Another is via units and counits. Suppose $\eta, \varepsilon$ are the unit and counit of the first adjunction, and $\eta', \varepsilon'$ the unit and counit of the second adjunction. Then we evidently have natural transformations $\eta'', \varepsilon''$ defined by composition as follows: $$\eta'': \quad 1_{\mathscr{A}}\overset{\eta}\Longrightarrow GF \overset{G\eta'F}\Longrightarrow GG'F'F$$ $$\varepsilon'': \quad F'FGG' \overset{F'\epsilon G'}\Longrightarrow F'G' \overset{\varepsilon'}\Longrightarrow 1_{\mathscr{C}}$$ So to complete the proof that $F'F \dashv GG'$ it "just" remains to show by a diagram chase that $\eta'', \varepsilon''$ are a unit and counit for this adjunction because they satisfy the triangle equalities.

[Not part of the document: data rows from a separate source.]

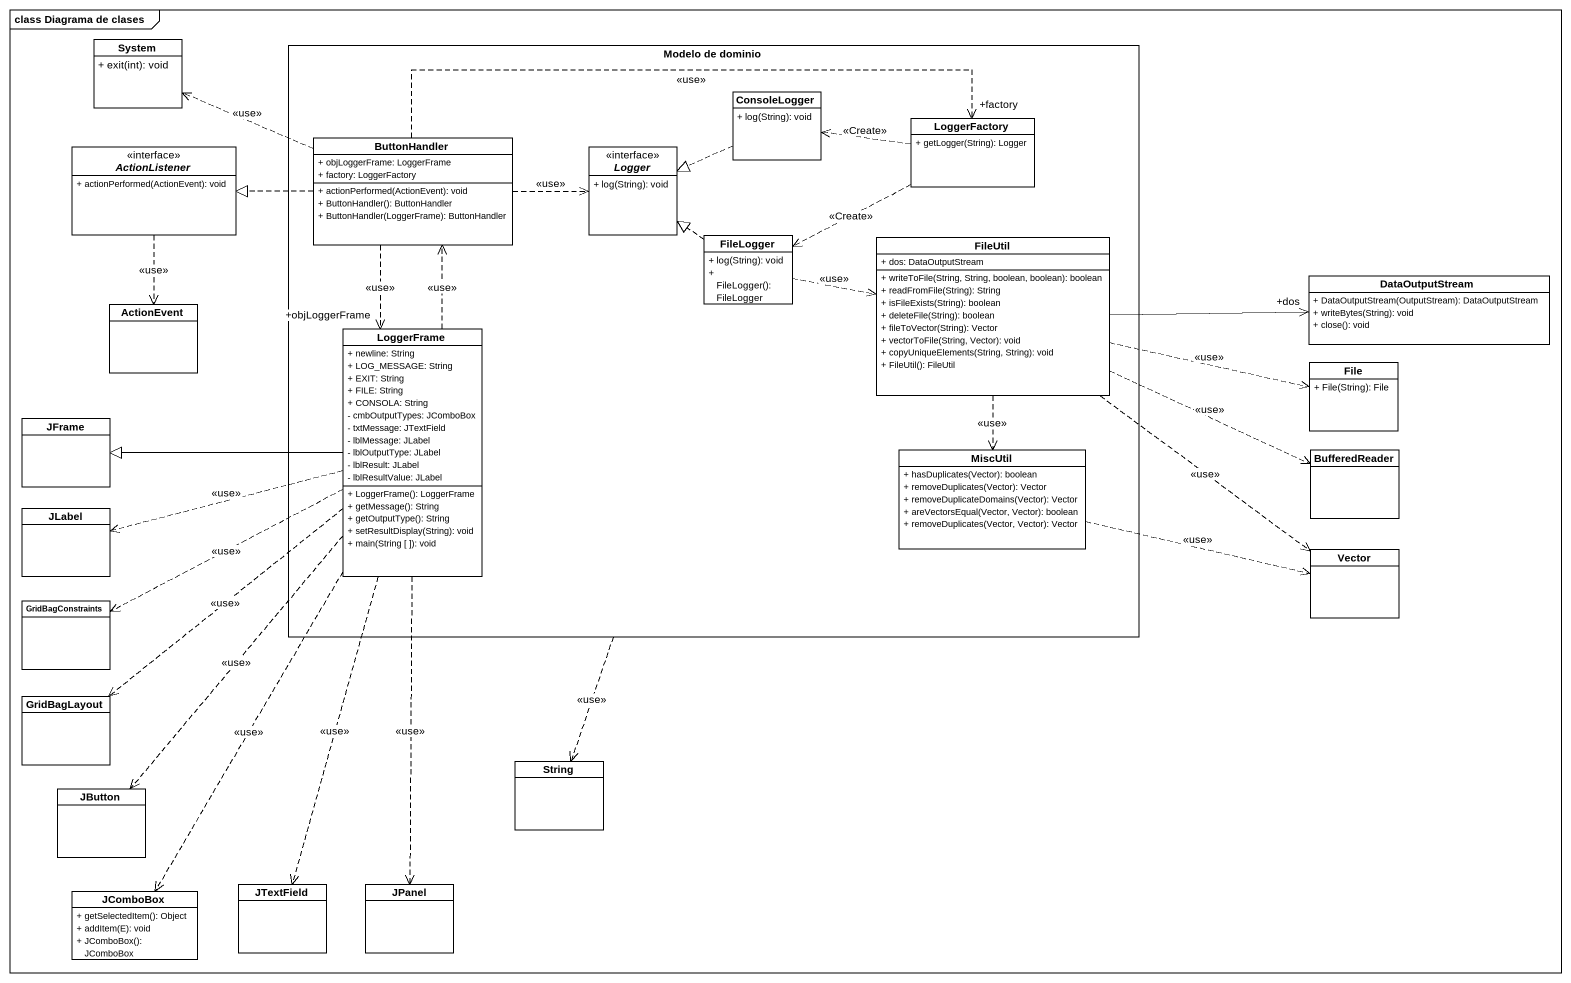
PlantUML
@startuml
mainframe class Diagrama de clases
hide circle
hide empty members
skinparam classAttributeIconSize 0
class System {
  + exit(int): void
}
rectangle "Modelo de dominio" as Modelo_de_dominio {
  class ConsoleLogger {
    + log(String): void
  }
  class ButtonHandler {
    + objLoggerFrame: LoggerFrame
    + factory: LoggerFactory
    + actionPerformed(ActionEvent): void
    + ButtonHandler(): ButtonHandler
    + ButtonHandler(LoggerFrame): ButtonHandler
  }
  interface Logger {
    + log(String): void
  }
  class LoggerFactory {
    + getLogger(String): Logger
  }
  class FileLogger {
    + log(String): void
    + FileLogger(): FileLogger
  }
  class FileUtil {
    + dos: DataOutputStream
    + writeToFile(String, String, boolean, boolean): boolean
    + readFromFile(String): String
    + isFileExists(String): boolean
    + deleteFile(String): boolean
    + fileToVector(String): Vector
    + vectorToFile(String, Vector): void
    + copyUniqueElements(String, String): void
    + FileUtil(): FileUtil
  }
  class LoggerFrame {
    + newline: String
    + LOG_MESSAGE: String
    + EXIT: String
    + FILE: String
    + CONSOLA: String
    - cmbOutputTypes: JComboBox
    - txtMessage: JTextField
    - lblMessage: JLabel
    - lblOutputType: JLabel
    - lblResult: JLabel
    - lblResultValue: JLabel
    + LoggerFrame(): LoggerFrame
    + getMessage(): String
    + getOutputType(): String
    + setResultDisplay(String): void
    + main(String [ ]): void
  }
  class MiscUtil {
    + hasDuplicates(Vector): boolean
    + removeDuplicates(Vector): Vector
    + removeDuplicateDomains(Vector): Vector
    + areVectorsEqual(Vector, Vector): boolean
    + removeDuplicates(Vector, Vector): Vector
  }
}
interface ActionListener {
  + actionPerformed(ActionEvent): void
}
class DataOutputStream {
  + DataOutputStream(OutputStream): DataOutputStream
  + writeBytes(String): void
  + close(): void
}
class ActionEvent
class "File" as File_ {
  + File(String): File
}
class JFrame
class BufferedReader
class JLabel
class Vector
class GridBagConstraints
class GridBagLayout
class String
class JButton
class JComboBox {
  + getSelectedItem(): Object
  + addItem(E): void
  + JComboBox(): JComboBox
}
class JTextField
class JPanel
Modelo_de_dominio ..> String : <<use>>
ConsoleLogger .left.|> Logger
ActionListener ..> ActionEvent : <<use>>
ButtonHandler .left.> System : <<use>>
ButtonHandler .left.|> ActionListener
ButtonHandler .right.> Logger : <<use>>
ButtonHandler .right.> "+factory" LoggerFactory : <<use>>
ButtonHandler ..> "+objLoggerFrame" LoggerFrame : <<use>>
LoggerFactory .left.> ConsoleLogger : <<Create>>
LoggerFactory .left.> FileLogger : <<Create>>
FileLogger .up.|> Logger
FileLogger .right.> FileUtil : <<use>>
FileUtil -right-> "+dos" DataOutputStream
FileUtil .right.> File_ : <<use>>
FileUtil ..> MiscUtil : <<use>>
FileUtil .right.> BufferedReader : <<use>>
FileUtil ..> Vector : <<use>>
LoggerFrame .up.> ButtonHandler : <<use>>
LoggerFrame -left-|> JFrame
LoggerFrame .left.> JLabel : <<use>>
LoggerFrame .left.> GridBagConstraints : <<use>>
LoggerFrame ..> GridBagLayout : <<use>>
LoggerFrame ..> JButton : <<use>>
LoggerFrame ..> JComboBox : <<use>>
LoggerFrame ..> JTextField : <<use>>
LoggerFrame ..> JPanel : <<use>>
MiscUtil .right.> Vector : <<use>>
@enduml

Mac Lane in effect sets this as an exercise for the reader at the bottom of p. 103 of Categories for the Working Mathematician. But this reader seems to be having a senior moment (well, a few moments), which is why I am asking here the embarrassingly undergraduate ...

Question How does the diagram chase for one of the required triangle equalities actually go?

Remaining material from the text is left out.